Mathematical and Statistical Analysis of Non-stationary Time Series Data

Non-stationary time series, with intrinsic properties constantly changing over time, present significant challenges for analysis in various scientific fields, particularly in biomedical signal analysis. This dissertation presents novel methodologies for analyzing and classifying highly noisy and non-stationary signals with applications to electroencephalograms (EEGs) and electrocardiograms (ECGs).

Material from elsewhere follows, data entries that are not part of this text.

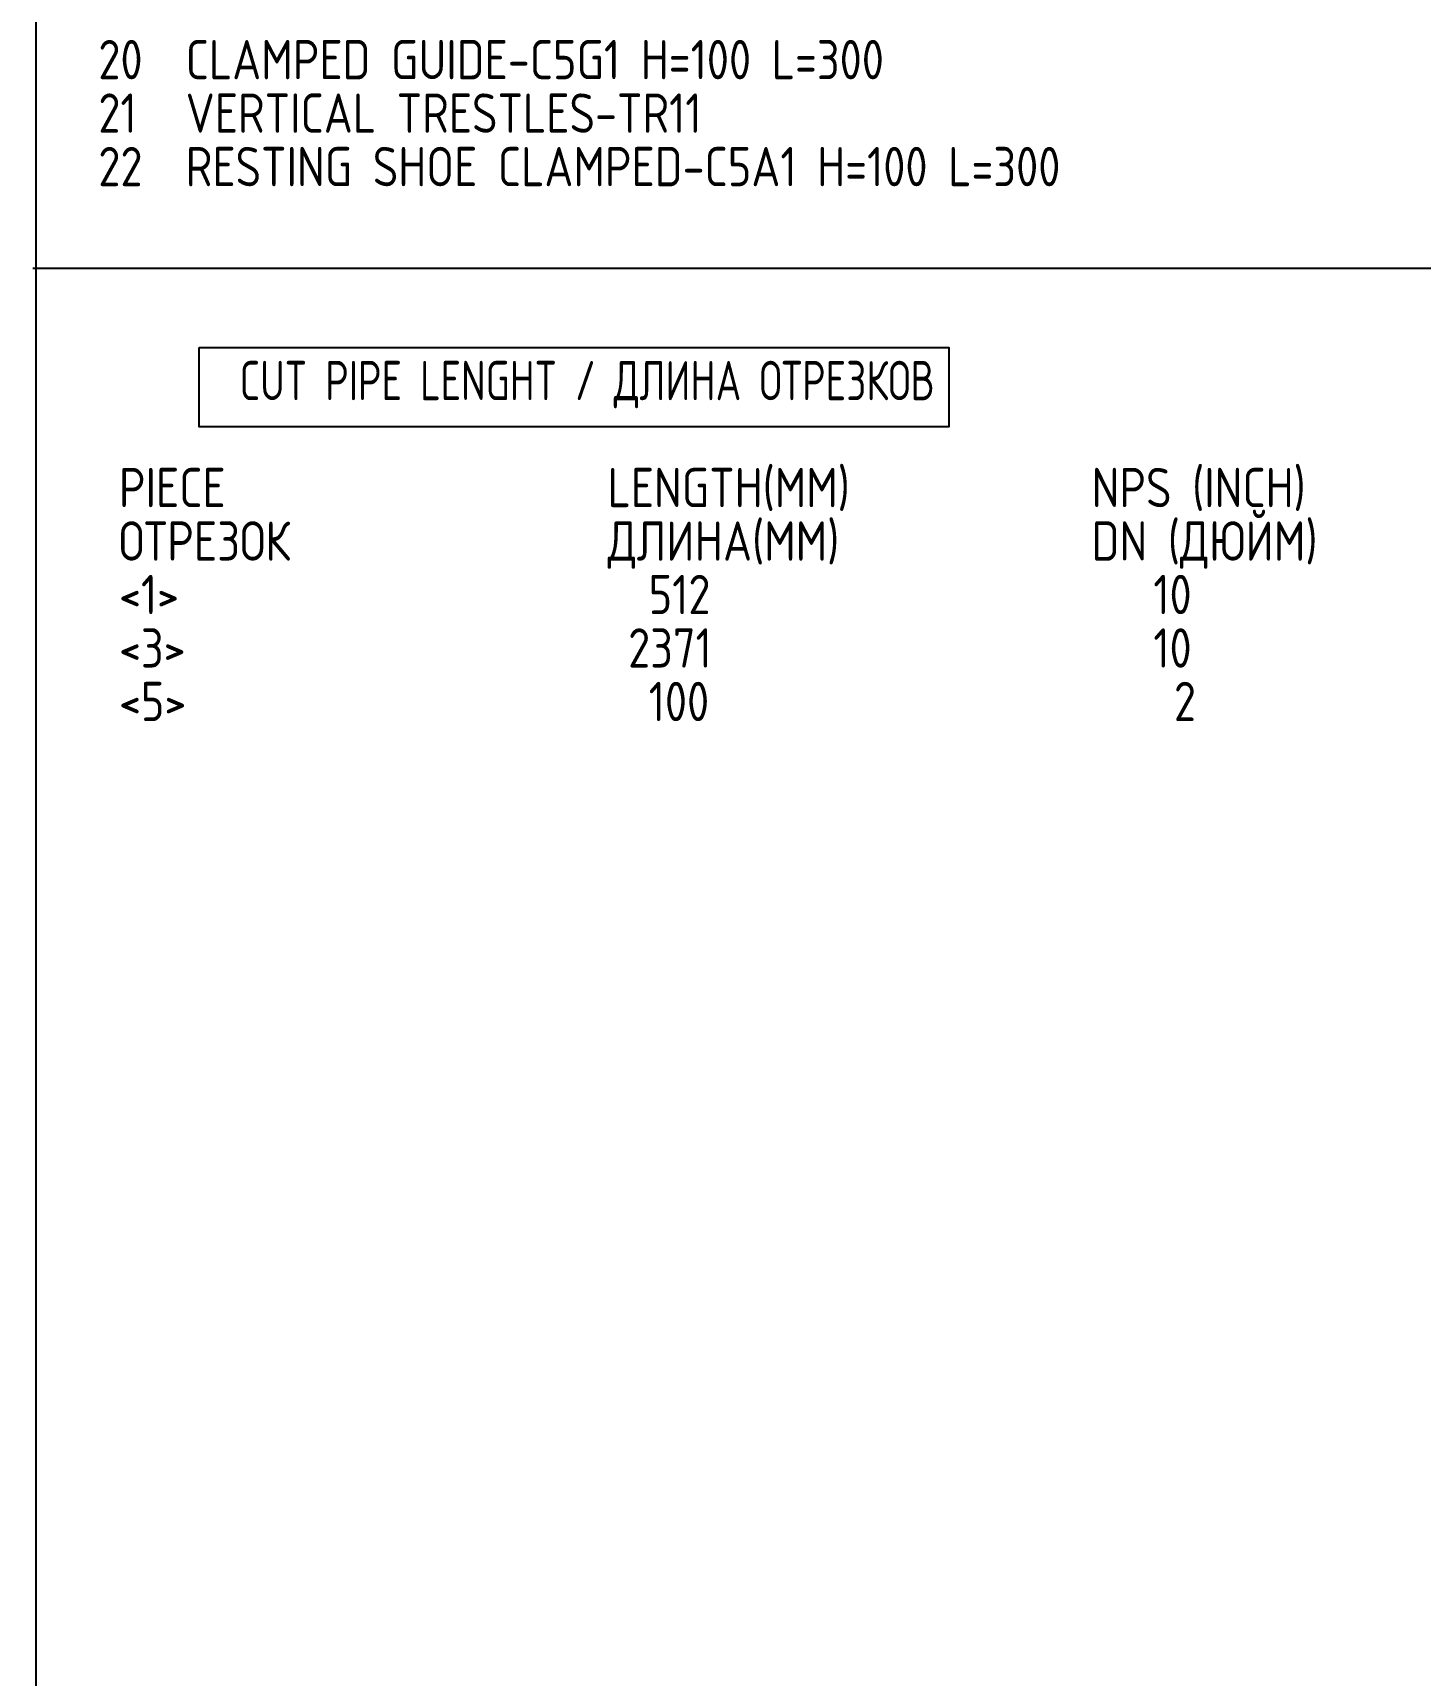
# Model space of a CAD drawing. Extents: x 0 to 594, y 0 to 420.
# Drawn here: x 402.7 to 490.9, y 104.4 to 208.9 of the extents above; entities that cross this region are included whole.
import ezdxf

# ---------------------------------------------------------------- set-up
doc = ezdxf.new("R2010")
doc.units = 0
doc.header["$MEASUREMENT"] = 0
doc.linetypes.add('BORDER_2012_SLN$0$8001.Solid', pattern=[0])
doc.layers.add('BORDER_2012_SLN$0$Level_1', color=7, linetype='BORDER_2012_SLN$0$8001.Solid', lineweight=25)
doc.layers.add('GT_1', color=7, linetype='Continuous')
doc.styles.add('HTX1', font='')
doc.styles.get('HTX1').set_extended_font_data('GOST type A')

# ---------------------------------------------------------------- blocks, each defined once
blk = doc.blocks.new('BORDER_2012_SLN')
at = {"layer": 'BORDER_2012_SLN$0$Level_1', "color": 7, "lineweight": -3}
blk.add_line((402.9, 7.5), (402.9, 412.5), dxfattribs=at)

msp = doc.modelspace()

# ---------------------------------------------------------------- linework, layer by layer
at = {"layer": 'GT_1', "flags": 128}
for points in [[(402.7, 193.913), (589, 193.913)], [(413.271, 188.867), (460.914, 188.867), (460.914, 183.82), (413.271, 183.82), (413.271, 188.867)]]:
    msp.add_lwpolyline(points, dxfattribs=at)

# ---------------------------------------------------------------- block references
at = {"linetype": 'Continuous'}
msp.add_blockref('BORDER_2012_SLN', (0, 0), dxfattribs=at)

# ---------------------------------------------------------------- texts
at = {"layer": 'GT_1', "style": 'HTX1'}
for s, width, p in [(' 20', 1.02, (405.557, 205.918)), ('CLAMPED GUIDE-C5G1 H=100 L=300', 1.02, (412.414, 205.918)), (' 21', 1.02, (405.557, 202.517)), ('VERTICAL TRESTLES-TR11', 1.02, (412.414, 202.517)), (' 22', 1.02, (405.557, 199.116)), ('RESTING SHOE CLAMPED-C5A1 H=100 L=300', 1.02, (412.414, 199.116)), ('CUT PIPE LENGHT / ДЛИНА ОТРЕЗКОВ', 0.9, (415.843, 185.51)), ('  PIECE', 1.02, (405.557, 178.707)), ('    LENGTH(MM)', 1.02, (434, 178.707)), ('NPS (INCH)', 1.02, (470, 178.707)), ('  ОТРЕЗОК', 1.02, (405.557, 175.306)), ('    ДЛИНА(MM)', 1.02, (434, 175.306)), ('DN (ДЮЙМ)', 1.02, (470, 175.306)), ('  <1>', 1.02, (405.557, 171.905)), ('      512', 1.02, (434, 171.905)), ('   10', 1.02, (470, 171.905)), ('  <3>', 1.02, (405.557, 168.503)), ('     2371', 1.02, (434, 168.503)), ('   10', 1.02, (470, 168.503)), ('  <5>', 1.02, (405.557, 165.102)), ('      100', 1.02, (434, 165.102)), ('    2', 1.02, (470, 165.102))]:
    msp.add_text(s, height=2.5, dxfattribs=dict(at, width=width)).set_placement(p)

doc.saveas('drawing.dxf')

The first part of the dissertation focuses on a framework integrating pseudo-differential operators with convolutional neural networks (CNNs). We present their synergistic potential for signal classification from an innovative perspective.

Building on the fundamental concept of pseudo-differential operators, the dissertation further proposes a novel methodology that addresses the challenges of applying time-variant filters or transforms to non-stationary signals. This approach enables the neural network to learn a convolution kernel that changes over time or location, providing a refined strategy to effectively handle these dynamic signals.

This dissertation also introduces a hybrid convolutional neural network that integrates both complex-valued and real-valued components with the discrete Fourier transform (DFT) for EEG signal classification. This fusion of techniques significantly enhances the neural network's ability to utilize the phase information contained in the DFT, resulting in substantial accuracy improvements for EEG signal classification.

In the final part of this dissertation, we apply a conventional machine learning approach for the detection and localization of myocardial infarctions (MIs) in electrocardiograms (ECGs) and vectorcardiograms (VCGs), using the innovative features extracted from the geometrical and kinematic properties within VCGs. This boosts the accuracy and sensitivity of traditional MI detection.